Collection entries
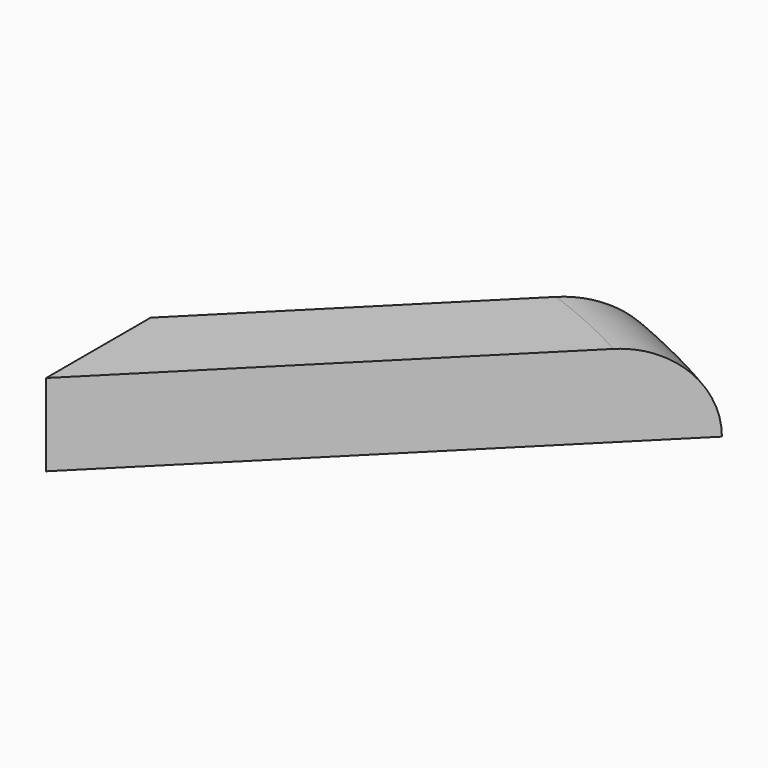
from build123d import *

# Parameters (mm, degrees)
F2_DEPTH = 25.4
F3_R     = 25.39999


# Not quite as in the source:
# - a fillet or chamfer is up to 0.001 mm smaller than in the source, because OpenCascade refuses the exact size


with BuildPart() as f2:
    # F1 (on face) → F2 (new body)
    with BuildSketch(Plane.XY):
        with BuildLine():
            Line((0, 121.2334576344), (0, 80.8223050896))
            Line((0, 80.8223050896), (116.1005682623, 196.9228733519))
            ThreePointArc((116.1005682623, 196.9228733519), (102.889252487, 204.1366251379), (89.2318353651, 210.4652929995))
            Line((89.2318353651, 210.4652929995), (0, 121.2334576344))
        make_face()
    extrude(amount=F2_DEPTH)

    # F3 (radius 25.4 in the source; OpenCascade refuses exactly that, so slightly less here)
    f3_edges = [f2.edges().sort_by_distance(p)[0] for p in [
        (102.889252, 204.136625, 25.4),
    ]]
    fillet(f3_edges, radius=F3_R)


solid = f2.part

PROBLEM DETAILS | Print nothing but the lines from the one that contains "Line((0, 121.2334576344), (0, 80.8223050896))" to the final line of the data, both included, exactly as they read.

SOLUTION TO THIS TASK |
            Line((0, 121.2334576344), (0, 80.8223050896))
            Line((0, 80.8223050896), (116.1005682623, 196.9228733519))
            ThreePointArc((116.1005682623, 196.9228733519), (102.889252487, 204.1366251379), (89.2318353651, 210.4652929995))
            Line((89.2318353651, 210.4652929995), (0, 121.2334576344))
        make_face()
    extrude(amount=F2_DEPTH)

    # F3 (radius 25.4 in the source; OpenCascade refuses exactly that, so slightly less here)
    f3_edges = [f2.edges().sort_by_distance(p)[0] for p in [
        (102.889252, 204.136625, 25.4),
    ]]
    fillet(f3_edges, radius=F3_R)


solid = f2.part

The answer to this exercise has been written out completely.